So my fry have decided to start exploring the tank more and hide in the plants now.. so it makes it much harder to find them. <_> Talk about having anxiety attacks! 3 times already I have thought something happened to them all lol. Having clear bodies doesn't exactly help either..

I went out and got the stuff to make the fry safe siphon today.. Hoping I did it correctly. 

















But I'm wondering.. should I soak it before using it.. or is there anything I need to do before using it for the first time? (only wondering since I read there are things you'd have to do for the sponges on a home made sponge filter,so curious as if the siphon has its own steps needed done)

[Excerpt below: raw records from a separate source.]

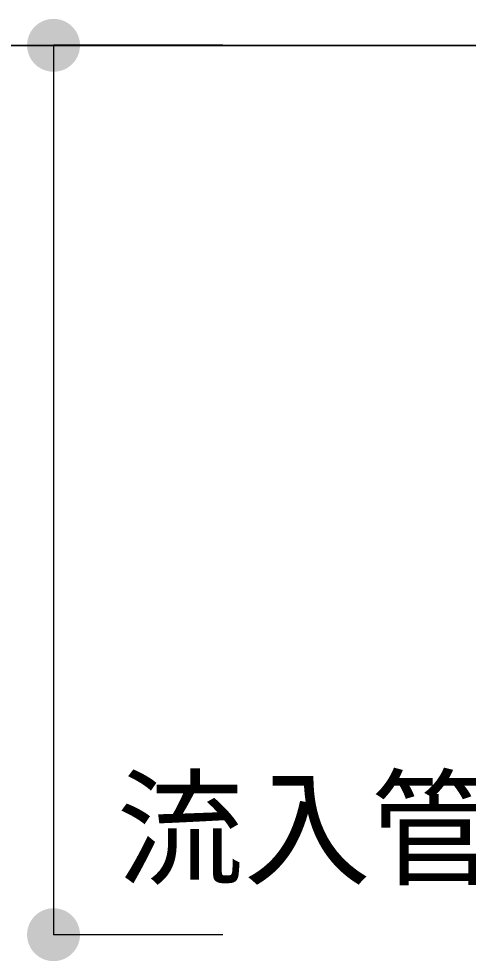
# Model space of a CAD drawing. Units: millimetres, scale not verified. Extents: x -22401 to 8910, y -6308 to 6308.
# Drawn here: x -6502 to -6183, y -2180 to -1512 of the extents above; entities that cross this region are included whole.
import ezdxf
from ezdxf.enums import TextEntityAlignment as Align

# ---------------------------------------------------------------- set-up
doc = ezdxf.new("R2010")
doc.units = ezdxf.units.MM
doc.header["$LTSCALE"] = 30
for name, color, linetype, lineweight in [('0-2_空気管', 3, 'Continuous', 25), ('0-5_機器', 3, 'Continuous', 25), ('1-4_00クル-フ-6寸法', 132, 'Continuous', 25)]:
    doc.layers.add(name, color=color, linetype=linetype, lineweight=lineweight)
doc.styles.add('ＭＳ ゴシック', font='')
doc.styles.get('ＭＳ ゴシック').set_extended_font_data('MS Gothic')

msp = doc.modelspace()

# ---------------------------------------------------------------- linework, layer by layer
at = {"layer": '0-5_機器', "color": 2}
for p, q in [((-6922.7, -1531.2), (-2628.67, -1531.2)), ((-6560.65, -1531.22), (-6045.62, -1531.22))]:
    msp.add_line(p, q, dxfattribs=at)
at = {"layer": '1-4_00クル-フ-6寸法', "color": 4}
for p, q in [((-6357.12, -1531.2), (-6477.12, -1531.2)), ((-6477.12, -1531.2), (-6477.12, -2161.2)), ((-6357.12, -2161.2), (-6477.12, -2161.2))]:
    msp.add_line(p, q, dxfattribs=at)
at = {"layer": '1-4_00クル-フ-6寸法'}
for points in [[(-6477.12, -1531.2), (-6488.14, -1516.03), (-6486.15, -1514.77)], [(-6477.12, -1531.2), (-6486.15, -1514.77), (-6484.02, -1513.77)], [(-6477.12, -1531.2), (-6484.02, -1513.77), (-6481.78, -1513.04)], [(-6477.12, -1531.2), (-6481.78, -1513.04), (-6479.47, -1512.6)], [(-6477.12, -1531.2), (-6479.47, -1512.6), (-6477.12, -1512.45)], [(-6477.12, -1531.2), (-6477.12, -1512.45), (-6474.77, -1512.6)], [(-6477.12, -1531.2), (-6474.77, -1512.6), (-6472.45, -1513.04)], [(-6477.12, -1531.2), (-6472.45, -1513.04), (-6470.21, -1513.77)], [(-6477.12, -1531.2), (-6470.21, -1513.77), (-6468.08, -1514.77)], [(-6477.12, -1531.2), (-6468.08, -1514.77), (-6466.09, -1516.03)], [(-6477.12, -1531.2), (-6494.08, -1523.22), (-6492.95, -1521.15)], [(-6477.12, -1531.2), (-6492.95, -1521.15), (-6491.56, -1519.25)], [(-6477.12, -1531.2), (-6491.56, -1519.25), (-6489.95, -1517.53)], [(-6477.12, -1531.2), (-6489.95, -1517.53), (-6488.14, -1516.03)], [(-6477.12, -1531.2), (-6466.09, -1516.03), (-6464.28, -1517.53)], [(-6477.12, -1531.2), (-6464.28, -1517.53), (-6462.67, -1519.25)], [(-6477.12, -1531.2), (-6462.67, -1519.25), (-6461.28, -1521.15)], [(-6477.12, -1531.2), (-6461.28, -1521.15), (-6460.15, -1523.22)], [(-6477.12, -1531.2), (-6495.83, -1530.02), (-6495.53, -1527.69)], [(-6477.12, -1531.2), (-6495.53, -1527.69), (-6494.95, -1525.41)], [(-6477.12, -1531.2), (-6494.95, -1525.41), (-6494.08, -1523.22)], [(-6477.12, -1531.2), (-6460.15, -1523.22), (-6459.28, -1525.41)], [(-6477.12, -1531.2), (-6459.28, -1525.41), (-6458.7, -1527.69)], [(-6477.12, -1531.2), (-6458.7, -1527.69), (-6458.4, -1530.02)], [(-6477.12, -1531.2), (-6495.83, -1532.38), (-6495.83, -1530.02)], [(-6477.12, -1531.2), (-6495.53, -1534.71), (-6495.83, -1532.38)], [(-6477.12, -1531.2), (-6494.95, -1536.99), (-6495.53, -1534.71)], [(-6477.12, -1531.2), (-6494.08, -1539.18), (-6494.95, -1536.99)], [(-6477.12, -1531.2), (-6492.95, -1541.25), (-6494.08, -1539.18)], [(-6477.12, -1531.2), (-6491.56, -1543.15), (-6492.95, -1541.25)], [(-6477.12, -1531.2), (-6489.95, -1544.87), (-6491.56, -1543.15)], [(-6477.12, -1531.2), (-6488.14, -1546.37), (-6489.95, -1544.87)], [(-6477.12, -1531.2), (-6486.15, -1547.63), (-6488.14, -1546.37)], [(-6477.12, -1531.2), (-6484.02, -1548.63), (-6486.15, -1547.63)], [(-6477.12, -1531.2), (-6481.78, -1549.36), (-6484.02, -1548.63)], [(-6477.12, -1531.2), (-6479.47, -1549.8), (-6481.78, -1549.36)], [(-6477.12, -1531.2), (-6477.12, -1549.95), (-6479.47, -1549.8)], [(-6477.12, -1531.2), (-6458.4, -1530.02), (-6458.4, -1532.38)], [(-6477.12, -1531.2), (-6474.77, -1549.8), (-6477.12, -1549.95)], [(-6477.12, -1531.2), (-6472.45, -1549.36), (-6474.77, -1549.8)], [(-6477.12, -1531.2), (-6470.21, -1548.63), (-6472.45, -1549.36)], [(-6477.12, -1531.2), (-6468.08, -1547.63), (-6470.21, -1548.63)], [(-6477.12, -1531.2), (-6466.09, -1546.37), (-6468.08, -1547.63)], [(-6477.12, -1531.2), (-6464.28, -1544.87), (-6466.09, -1546.37)], [(-6477.12, -1531.2), (-6462.67, -1543.15), (-6464.28, -1544.87)], [(-6477.12, -1531.2), (-6461.28, -1541.25), (-6462.67, -1543.15)], [(-6477.12, -1531.2), (-6460.15, -1539.18), (-6461.28, -1541.25)], [(-6477.12, -1531.2), (-6459.28, -1536.99), (-6460.15, -1539.18)], [(-6477.12, -1531.2), (-6458.7, -1534.71), (-6459.28, -1536.99)], [(-6477.12, -1531.2), (-6458.4, -1532.38), (-6458.7, -1534.71)], [(-6477.12, -2161.2), (-6481.78, -2143.04), (-6479.47, -2142.6)], [(-6477.12, -2161.2), (-6479.47, -2142.6), (-6477.12, -2142.45)], [(-6477.12, -2161.2), (-6477.12, -2142.45), (-6474.77, -2142.6)], [(-6477.12, -2161.2), (-6474.77, -2142.6), (-6472.45, -2143.04)], [(-6477.12, -2161.2), (-6492.95, -2151.15), (-6491.56, -2149.25)], [(-6477.12, -2161.2), (-6491.56, -2149.25), (-6489.95, -2147.53)], [(-6477.12, -2161.2), (-6489.95, -2147.53), (-6488.14, -2146.03)], [(-6477.12, -2161.2), (-6488.14, -2146.03), (-6486.15, -2144.77)], [(-6477.12, -2161.2), (-6486.15, -2144.77), (-6484.02, -2143.77)], [(-6477.12, -2161.2), (-6484.02, -2143.77), (-6481.78, -2143.04)], [(-6477.12, -2161.2), (-6472.45, -2143.04), (-6470.21, -2143.77)], [(-6477.12, -2161.2), (-6470.21, -2143.77), (-6468.08, -2144.77)], [(-6477.12, -2161.2), (-6468.08, -2144.77), (-6466.09, -2146.03)], [(-6477.12, -2161.2), (-6466.09, -2146.03), (-6464.28, -2147.53)], [(-6477.12, -2161.2), (-6464.28, -2147.53), (-6462.67, -2149.25)], [(-6477.12, -2161.2), (-6462.67, -2149.25), (-6461.28, -2151.15)], [(-6477.12, -2161.2), (-6495.53, -2157.69), (-6494.95, -2155.41)], [(-6477.12, -2161.2), (-6494.95, -2155.41), (-6494.08, -2153.22)], [(-6477.12, -2161.2), (-6494.08, -2153.22), (-6492.95, -2151.15)], [(-6477.12, -2161.2), (-6461.28, -2151.15), (-6460.15, -2153.22)], [(-6477.12, -2161.2), (-6460.15, -2153.22), (-6459.28, -2155.41)], [(-6477.12, -2161.2), (-6459.28, -2155.41), (-6458.7, -2157.69)], [(-6477.12, -2161.2), (-6495.83, -2160.02), (-6495.53, -2157.69)], [(-6477.12, -2161.2), (-6495.83, -2162.38), (-6495.83, -2160.02)], [(-6477.12, -2161.2), (-6495.53, -2164.71), (-6495.83, -2162.38)], [(-6477.12, -2161.2), (-6494.95, -2166.99), (-6495.53, -2164.71)], [(-6477.12, -2161.2), (-6494.08, -2169.18), (-6494.95, -2166.99)], [(-6477.12, -2161.2), (-6492.95, -2171.25), (-6494.08, -2169.18)], [(-6477.12, -2161.2), (-6491.56, -2173.15), (-6492.95, -2171.25)], [(-6477.12, -2161.2), (-6489.95, -2174.87), (-6491.56, -2173.15)], [(-6477.12, -2161.2), (-6488.14, -2176.37), (-6489.95, -2174.87)], [(-6477.12, -2161.2), (-6486.15, -2177.63), (-6488.14, -2176.37)], [(-6477.12, -2161.2), (-6484.02, -2178.63), (-6486.15, -2177.63)], [(-6477.12, -2161.2), (-6481.78, -2179.36), (-6484.02, -2178.63)], [(-6477.12, -2161.2), (-6479.47, -2179.8), (-6481.78, -2179.36)], [(-6477.12, -2161.2), (-6477.12, -2179.95), (-6479.47, -2179.8)], [(-6477.12, -2161.2), (-6458.7, -2157.69), (-6458.4, -2160.02)], [(-6477.12, -2161.2), (-6458.4, -2160.02), (-6458.4, -2162.38)], [(-6477.12, -2161.2), (-6474.77, -2179.8), (-6477.12, -2179.95)], [(-6477.12, -2161.2), (-6472.45, -2179.36), (-6474.77, -2179.8)], [(-6477.12, -2161.2), (-6470.21, -2178.63), (-6472.45, -2179.36)], [(-6477.12, -2161.2), (-6468.08, -2177.63), (-6470.21, -2178.63)], [(-6477.12, -2161.2), (-6466.09, -2176.37), (-6468.08, -2177.63)], [(-6477.12, -2161.2), (-6464.28, -2174.87), (-6466.09, -2176.37)], [(-6477.12, -2161.2), (-6462.67, -2173.15), (-6464.28, -2174.87)], [(-6477.12, -2161.2), (-6461.28, -2171.25), (-6462.67, -2173.15)], [(-6477.12, -2161.2), (-6460.15, -2169.18), (-6461.28, -2171.25)], [(-6477.12, -2161.2), (-6459.28, -2166.99), (-6460.15, -2169.18)], [(-6477.12, -2161.2), (-6458.7, -2164.71), (-6459.28, -2166.99)], [(-6477.12, -2161.2), (-6458.4, -2162.38), (-6458.7, -2164.71)]]:
    msp.add_solid(points, dxfattribs=at)

# ---------------------------------------------------------------- texts
at = {"layer": '0-2_空気管', "color": 4, "style": 'ＭＳ ゴシック'}
msp.add_text('流入管底', height=65.98, dxfattribs=at).set_placement((-6432.47, -2138.68), align=Align.BOTTOM_LEFT)

doc.saveas('drawing.dxf')

The fry are getting 3 small meals a day of micro worms with two water changes once in the morning then once at night.. I am considering a smaller water change in the middle of the day when im home. (trying to get a routine going for when school starts. Yay college classes tomorrow!) I might start easing them onto walter worms next weekend or banana worms.. haven't decided yet.


----------



## tpocicat (Aug 8, 2011)

Did you know that banana worms are smaller than micro worms?


----------



## Kelly0727 (Jan 8, 2012)

tpocicat said:


> Did you know that banana worms are smaller than micro worms?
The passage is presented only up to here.